_ACTION ITEM_
After finding the line that contains "- net GND: track 80.6" in the entries below, retype it and every following line precisely, the last included.

_DATA TO EXAMINE_
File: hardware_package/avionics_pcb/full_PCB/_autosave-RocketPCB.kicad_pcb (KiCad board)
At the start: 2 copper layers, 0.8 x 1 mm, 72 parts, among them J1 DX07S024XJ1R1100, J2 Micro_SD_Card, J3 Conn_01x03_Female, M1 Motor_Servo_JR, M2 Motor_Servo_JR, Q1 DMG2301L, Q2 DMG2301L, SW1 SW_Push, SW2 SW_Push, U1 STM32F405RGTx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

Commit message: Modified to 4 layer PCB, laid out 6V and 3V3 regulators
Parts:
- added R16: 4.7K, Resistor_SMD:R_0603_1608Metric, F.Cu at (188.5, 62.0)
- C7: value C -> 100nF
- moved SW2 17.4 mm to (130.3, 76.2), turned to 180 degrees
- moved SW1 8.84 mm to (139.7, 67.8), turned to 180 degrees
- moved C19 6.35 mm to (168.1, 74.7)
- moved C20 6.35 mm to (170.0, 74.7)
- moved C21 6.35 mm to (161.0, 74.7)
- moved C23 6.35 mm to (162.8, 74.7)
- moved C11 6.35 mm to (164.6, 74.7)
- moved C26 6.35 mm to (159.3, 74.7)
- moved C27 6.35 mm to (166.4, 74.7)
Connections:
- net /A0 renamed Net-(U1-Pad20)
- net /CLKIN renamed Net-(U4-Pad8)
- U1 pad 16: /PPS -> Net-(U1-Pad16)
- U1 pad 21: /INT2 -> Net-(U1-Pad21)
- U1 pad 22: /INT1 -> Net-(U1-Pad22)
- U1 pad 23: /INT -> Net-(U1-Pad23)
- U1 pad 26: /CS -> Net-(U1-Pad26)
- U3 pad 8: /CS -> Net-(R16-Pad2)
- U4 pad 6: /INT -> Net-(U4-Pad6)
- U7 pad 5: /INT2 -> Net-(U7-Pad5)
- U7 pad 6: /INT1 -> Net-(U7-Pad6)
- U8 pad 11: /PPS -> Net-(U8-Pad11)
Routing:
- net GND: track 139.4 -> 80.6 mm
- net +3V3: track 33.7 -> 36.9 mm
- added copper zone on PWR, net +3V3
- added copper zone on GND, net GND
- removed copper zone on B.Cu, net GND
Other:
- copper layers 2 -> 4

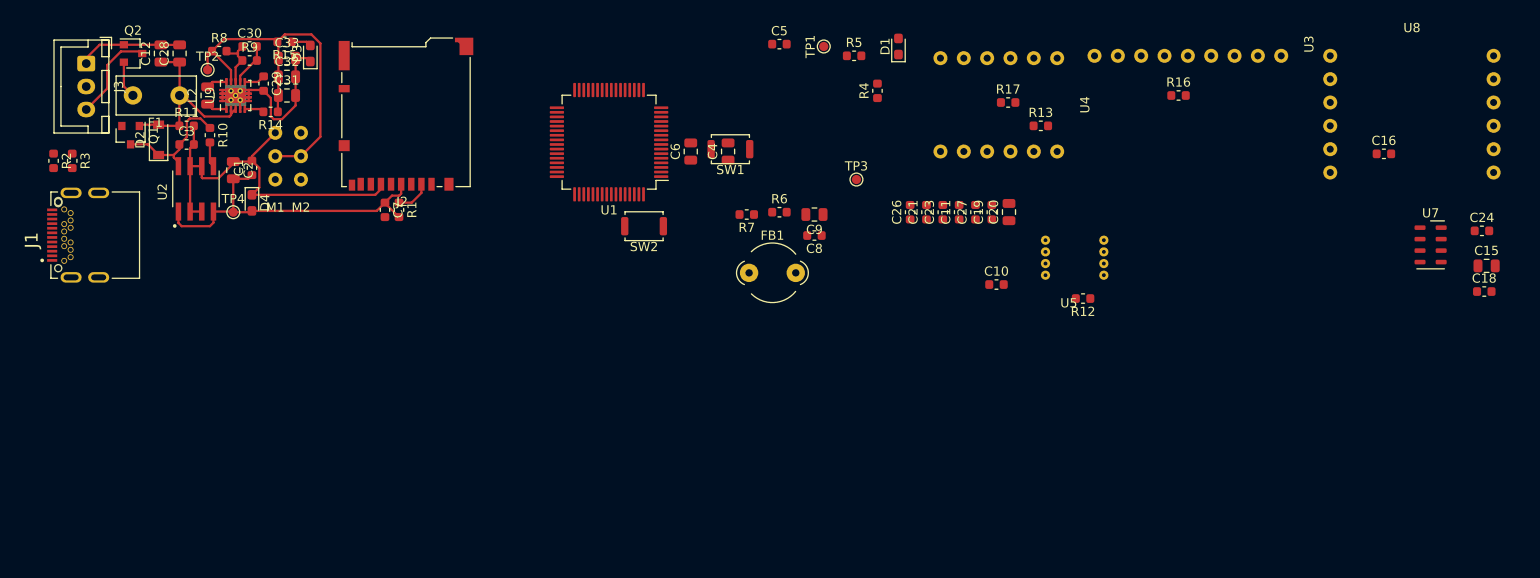
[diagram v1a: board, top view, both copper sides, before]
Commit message: Laid out and routed the majority of the board
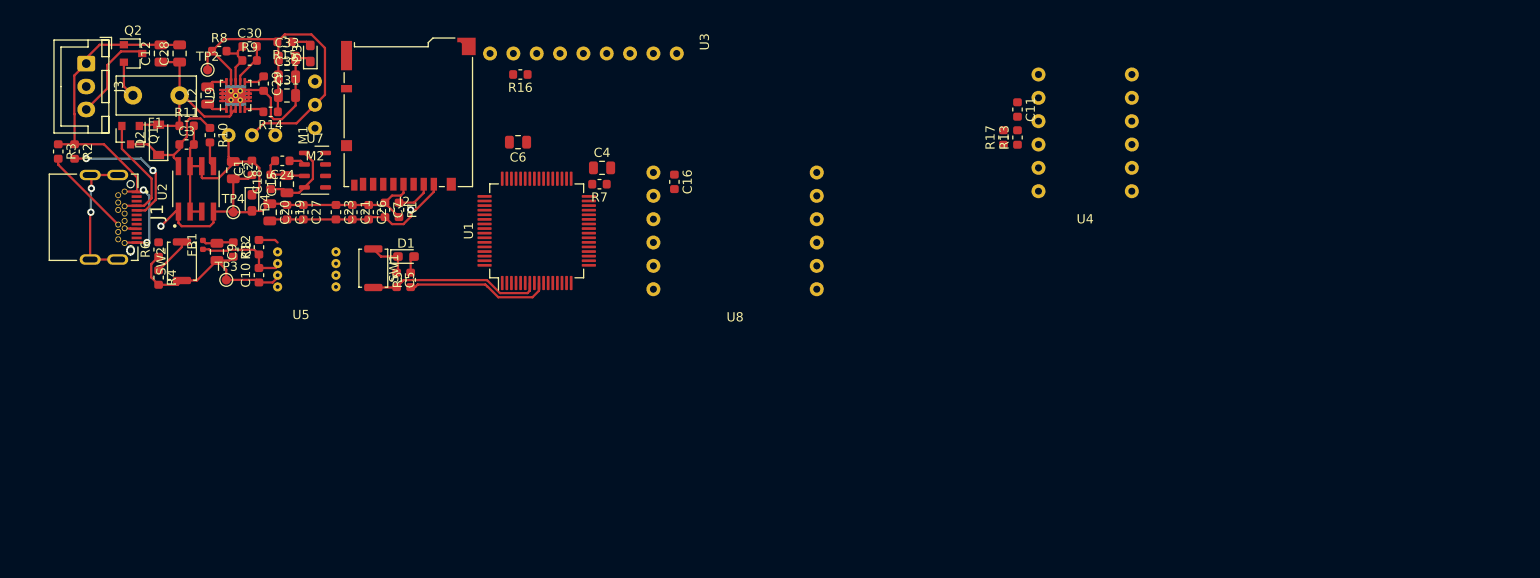
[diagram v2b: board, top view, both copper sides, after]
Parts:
- removed TP1: TestPoint, TestPoint:TestPoint_Pad_D1.0mm
- FB1: footprint Ferrite_THT:LairdTech_28C0236-0JW-10 -> Resistor_SMD:R_0402_1005Metric
- moved C18 132.6 mm to (89.7, 71.4), turned to 90 degrees
- moved C15 130.9 mm to (91.4, 71.6), turned to 90 degrees
- moved C24 130.8 mm to (90.9, 69.1), turned to 180 degrees
- moved U7 121.7 mm to (94.5, 70.1)
- moved R12 89.9 mm to (88.4, 78.5), turned to 90 degrees
- moved U5 83.6 mm to (93.0, 85.3)
- moved R4 80.8 mm to (77.5, 81.8), turned to 270 degrees
- moved C20 80.4 mm to (89.6, 74.7), turned to 270 degrees
- moved C10 80.3 mm to (88.4, 81.5), turned to 90 degrees
- moved U8 78.8 mm to (140.2, 84.3), turned to 0 degrees
- moved C16 77.3 mm to (133.6, 71.4), turned to 270 degrees
- moved C19 76.7 mm to (91.4, 74.7), turned to 270 degrees
- moved C27 73.2 mm to (93.2, 74.7), turned to 270 degrees
- moved R16 71.7 mm to (116.8, 59.7), turned to 180 degrees
- moved TP3 69.4 mm to (84.8, 82.0)
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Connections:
- U1 pad 39: /SDIO_D0 -> /SDIO_D1
- U1 pad 40: /SDIO_D1 -> /SDIO_D0
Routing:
- net GND: track 80.6 -> 149.4 mm, vias 0 -> 3
- net +3V3: track 36.9 -> 68.7 mm, vias 0 -> 1
- net ~RESET~: track 0.00 -> 18.9 mm
- net /D13: track 0.00 -> 15.8 mm
- net Net-(J1-PadS1): track 0.00 -> 15.3 mm, vias 0 -> 2
- net Net-(J1-PadA5): track 0.00 -> 15.0 mm, vias 0 -> 2
- net VBUS: track 0.00 -> 13.8 mm
- net Net-(J1-PadB5): track 0.00 -> 9.87 mm
- net /BOOT0: track 0.00 -> 4.14 mm
- net Net-(C8-Pad1): track 0.00 -> 3.47 mm
- net /FLASH_CS: track 0.00 -> 2.15 mm
- net Net-(D1-Pad2): track 0.00 -> 1.90 mm
- net Net-(C24-Pad1): track 0.00 -> 1.78 mm

_EXERCISE SOLUTION_
- net GND: track 80.6 -> 149.4 mm, vias 0 -> 3
- net +3V3: track 36.9 -> 68.7 mm, vias 0 -> 1
- net ~RESET~: track 0.00 -> 18.9 mm
- net /D13: track 0.00 -> 15.8 mm
- net Net-(J1-PadS1): track 0.00 -> 15.3 mm, vias 0 -> 2
- net Net-(J1-PadA5): track 0.00 -> 15.0 mm, vias 0 -> 2
- net VBUS: track 0.00 -> 13.8 mm
- net Net-(J1-PadB5): track 0.00 -> 9.87 mm
- net /BOOT0: track 0.00 -> 4.14 mm
- net Net-(C8-Pad1): track 0.00 -> 3.47 mm
- net /FLASH_CS: track 0.00 -> 2.15 mm
- net Net-(D1-Pad2): track 0.00 -> 1.90 mm
- net Net-(C24-Pad1): track 0.00 -> 1.78 mm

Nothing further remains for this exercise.